• _EXERCISE OBJECTIVE_: Select all lines in the records that include "mechanical".

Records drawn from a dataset
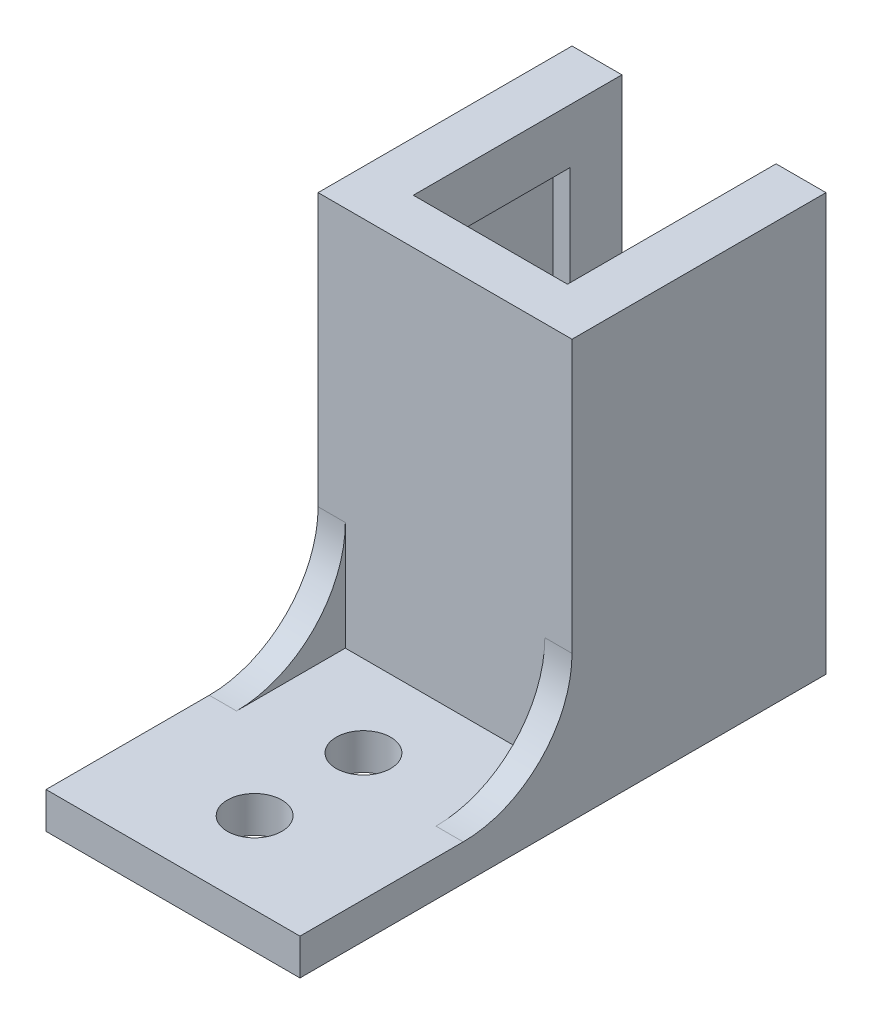
ISO-10303-21;
HEADER;
FILE_DESCRIPTION(('STEP AP214'),'2;1');
FILE_NAME('part.step','',(''),(''),'','','');
FILE_SCHEMA(('AUTOMOTIVE_DESIGN { 1 0 10303 214 1 1 1 1 }'));
ENDSEC;
DATA;
#1=APPLICATION_CONTEXT('core data for automotive mechanical design processes');
#2=APPLICATION_PROTOCOL_DEFINITION('international standard','automotive_design',2000,#1);
#3=PRODUCT_CONTEXT('',#1,'mechanical');
#4=PRODUCT('Part','Part','',(#3));
#5=PRODUCT_RELATED_PRODUCT_CATEGORY('part','',(#4));
#6=PRODUCT_DEFINITION_FORMATION('','',#4);
#7=PRODUCT_DEFINITION_CONTEXT('part definition',#1,'design');
#8=PRODUCT_DEFINITION('design','',#6,#7);
#9=PRODUCT_DEFINITION_SHAPE('','',#8);
#10=(LENGTH_UNIT() NAMED_UNIT(*) SI_UNIT(.MILLI.,.METRE.));
#11=(NAMED_UNIT(*) PLANE_ANGLE_UNIT() SI_UNIT($,.RADIAN.));
#12=(NAMED_UNIT(*) SI_UNIT($,.STERADIAN.) SOLID_ANGLE_UNIT());
#13=UNCERTAINTY_MEASURE_WITH_UNIT(LENGTH_MEASURE(1.E-05),#10,'distance_accuracy_value','');
#14=(GEOMETRIC_REPRESENTATION_CONTEXT(3) GLOBAL_UNCERTAINTY_ASSIGNED_CONTEXT((#13)) GLOBAL_UNIT_ASSIGNED_CONTEXT((#10,
#11,#12)) REPRESENTATION_CONTEXT('',''));
#15=CARTESIAN_POINT('',(0.,0.,0.));
#16=DIRECTION('',(0.,0.,1.));
#17=DIRECTION('',(1.,0.,0.));
#18=AXIS2_PLACEMENT_3D('',#15,#16,#17);
#19=CARTESIAN_POINT('',(0.,0.,0.));
#20=DIRECTION('',(0.,0.,1.));
#21=DIRECTION('',(1.,0.,0.));
#22=AXIS2_PLACEMENT_3D('',#19,#20,#21);
#23=PLANE('',#22);
#24=DIRECTION('',(0.,-1.,0.));
#25=VECTOR('',#24,1.);
#26=CARTESIAN_POINT('',(4.25,8.5,0.));
#27=LINE('',#26,#25);
#28=CARTESIAN_POINT('',(4.25,11.5,0.));
#29=VERTEX_POINT('',#28);
#30=CARTESIAN_POINT('',(4.25,-11.5,0.));
#31=VERTEX_POINT('',#30);
#32=EDGE_CURVE('E348',#29,#31,#27,.T.);
#33=ORIENTED_EDGE('',*,*,#32,.F.);
#34=DIRECTION('',(-1.,0.,0.));
#35=VECTOR('',#34,1.);
#36=CARTESIAN_POINT('',(0.,11.5,0.));
#37=LINE('',#36,#35);
#38=CARTESIAN_POINT('',(7.,11.5,0.));
#39=VERTEX_POINT('',#38);
#40=EDGE_CURVE('E200',#39,#29,#37,.T.);
#41=ORIENTED_EDGE('',*,*,#40,.F.);
#42=DIRECTION('',(0.,-1.,0.));
#43=VECTOR('',#42,1.);
#44=CARTESIAN_POINT('',(7.,0.,0.));
#45=LINE('',#44,#43);
#46=CARTESIAN_POINT('',(7.,-11.5,0.));
#47=VERTEX_POINT('',#46);
#48=EDGE_CURVE('E365',#39,#47,#45,.T.);
#49=ORIENTED_EDGE('',*,*,#48,.T.);
#50=DIRECTION('',(-1.,0.,0.));
#51=VECTOR('',#50,1.);
#52=CARTESIAN_POINT('',(0.,-11.5,0.));
#53=LINE('',#52,#51);
#54=EDGE_CURVE('E380',#47,#31,#53,.T.);
#55=ORIENTED_EDGE('',*,*,#54,.T.);
#56=EDGE_LOOP('',(#33,#41,#49,#55));
#57=FACE_BOUND('',#56,.T.);
#58=ADVANCED_FACE('F41',(#57),#23,.F.);
#59=CARTESIAN_POINT('',(0.,8.5,0.));
#60=DIRECTION('',(0.,-1.,0.));
#61=DIRECTION('',(1.,0.,0.));
#62=AXIS2_PLACEMENT_3D('',#59,#60,#61);
#63=PLANE('',#62);
#64=DIRECTION('',(0.,0.,1.));
#65=VECTOR('',#64,1.);
#66=CARTESIAN_POINT('',(4.25,8.5,0.));
#67=LINE('',#66,#65);
#68=CARTESIAN_POINT('',(4.25,8.5,2.85));
#69=VERTEX_POINT('',#68);
#70=CARTESIAN_POINT('',(4.25,8.5,11.5));
#71=VERTEX_POINT('',#70);
#72=EDGE_CURVE('E11',#69,#71,#67,.T.);
#73=ORIENTED_EDGE('',*,*,#72,.F.);
#74=DIRECTION('',(-1.,0.,0.));
#75=VECTOR('',#74,1.);
#76=CARTESIAN_POINT('',(0.,8.5,2.85));
#77=LINE('',#76,#75);
#78=CARTESIAN_POINT('',(5.2,8.5,2.85));
#79=VERTEX_POINT('',#78);
#80=EDGE_CURVE('E304',#79,#69,#77,.T.);
#81=ORIENTED_EDGE('',*,*,#80,.F.);
#82=DIRECTION('',(0.,0.,1.));
#83=VECTOR('',#82,1.);
#84=CARTESIAN_POINT('',(5.2,8.5,0.));
#85=LINE('',#84,#83);
#86=CARTESIAN_POINT('',(5.2,8.5,11.5));
#87=VERTEX_POINT('',#86);
#88=EDGE_CURVE('E305',#79,#87,#85,.T.);
#89=ORIENTED_EDGE('',*,*,#88,.T.);
#90=DIRECTION('',(-1.,0.,0.));
#91=VECTOR('',#90,1.);
#92=CARTESIAN_POINT('',(0.,8.5,11.5));
#93=LINE('',#92,#91);
#94=EDGE_CURVE('E310',#87,#71,#93,.T.);
#95=ORIENTED_EDGE('',*,*,#94,.T.);
#96=EDGE_LOOP('',(#73,#81,#89,#95));
#97=FACE_BOUND('',#96,.T.);
#98=ADVANCED_FACE('F469',(#97),#63,.T.);
#99=CARTESIAN_POINT('',(0.,0.,14.));
#100=DIRECTION('',(0.,0.,1.));
#101=DIRECTION('',(1.,0.,0.));
#102=AXIS2_PLACEMENT_3D('',#99,#100,#101);
#103=PLANE('',#102);
#104=DIRECTION('',(0.,-1.,0.));
#105=VECTOR('',#104,1.);
#106=CARTESIAN_POINT('',(5.5,-3.5,14.));
#107=LINE('',#106,#105);
#108=CARTESIAN_POINT('',(5.5,-3.5,14.));
#109=VERTEX_POINT('',#108);
#110=CARTESIAN_POINT('',(5.5,-9.5,14.));
#111=VERTEX_POINT('',#110);
#112=EDGE_CURVE('E217',#109,#111,#107,.T.);
#113=ORIENTED_EDGE('',*,*,#112,.F.);
#114=DIRECTION('',(1.,0.,0.));
#115=VECTOR('',#114,1.);
#116=CARTESIAN_POINT('',(5.5,-3.5,14.));
#117=LINE('',#116,#115);
#118=CARTESIAN_POINT('',(7.,-3.5,14.));
#119=VERTEX_POINT('',#118);
#120=EDGE_CURVE('E223',#109,#119,#117,.T.);
#121=ORIENTED_EDGE('',*,*,#120,.T.);
#122=DIRECTION('',(0.,-1.,0.));
#123=VECTOR('',#122,1.);
#124=CARTESIAN_POINT('',(7.,0.,14.));
#125=LINE('',#124,#123);
#126=CARTESIAN_POINT('',(7.,11.5,14.));
#127=VERTEX_POINT('',#126);
#128=EDGE_CURVE('E369',#127,#119,#125,.T.);
#129=ORIENTED_EDGE('',*,*,#128,.F.);
#130=DIRECTION('',(-1.,0.,0.));
#131=VECTOR('',#130,1.);
#132=CARTESIAN_POINT('',(0.,11.5,14.));
#133=LINE('',#132,#131);
#134=CARTESIAN_POINT('',(-7.,11.5,14.));
#135=VERTEX_POINT('',#134);
#136=EDGE_CURVE('E360',#127,#135,#133,.T.);
#137=ORIENTED_EDGE('',*,*,#136,.T.);
#138=DIRECTION('',(0.,-1.,0.));
#139=VECTOR('',#138,1.);
#140=CARTESIAN_POINT('',(-7.,0.,14.));
#141=LINE('',#140,#139);
#142=CARTESIAN_POINT('',(-7.,-3.5,14.));
#143=VERTEX_POINT('',#142);
#144=EDGE_CURVE('E364',#135,#143,#141,.T.);
#145=ORIENTED_EDGE('',*,*,#144,.T.);
#146=DIRECTION('',(-1.,0.,0.));
#147=VECTOR('',#146,1.);
#148=CARTESIAN_POINT('',(-5.5,-3.5,14.));
#149=LINE('',#148,#147);
#150=CARTESIAN_POINT('',(-5.5,-3.5,14.));
#151=VERTEX_POINT('',#150);
#152=EDGE_CURVE('E242',#151,#143,#149,.T.);
#153=ORIENTED_EDGE('',*,*,#152,.F.);
#154=DIRECTION('',(0.,-1.,0.));
#155=VECTOR('',#154,1.);
#156=CARTESIAN_POINT('',(-5.5,-3.5,14.));
#157=LINE('',#156,#155);
#158=CARTESIAN_POINT('',(-5.5,-9.5,14.));
#159=VERTEX_POINT('',#158);
#160=EDGE_CURVE('E234',#151,#159,#157,.T.);
#161=ORIENTED_EDGE('',*,*,#160,.T.);
#162=DIRECTION('',(1.,0.,0.));
#163=VECTOR('',#162,1.);
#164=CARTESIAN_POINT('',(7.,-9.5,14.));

• _WRITTEN REPLY_:
#1=APPLICATION_CONTEXT('core data for automotive mechanical design processes');
#3=PRODUCT_CONTEXT('',#1,'mechanical');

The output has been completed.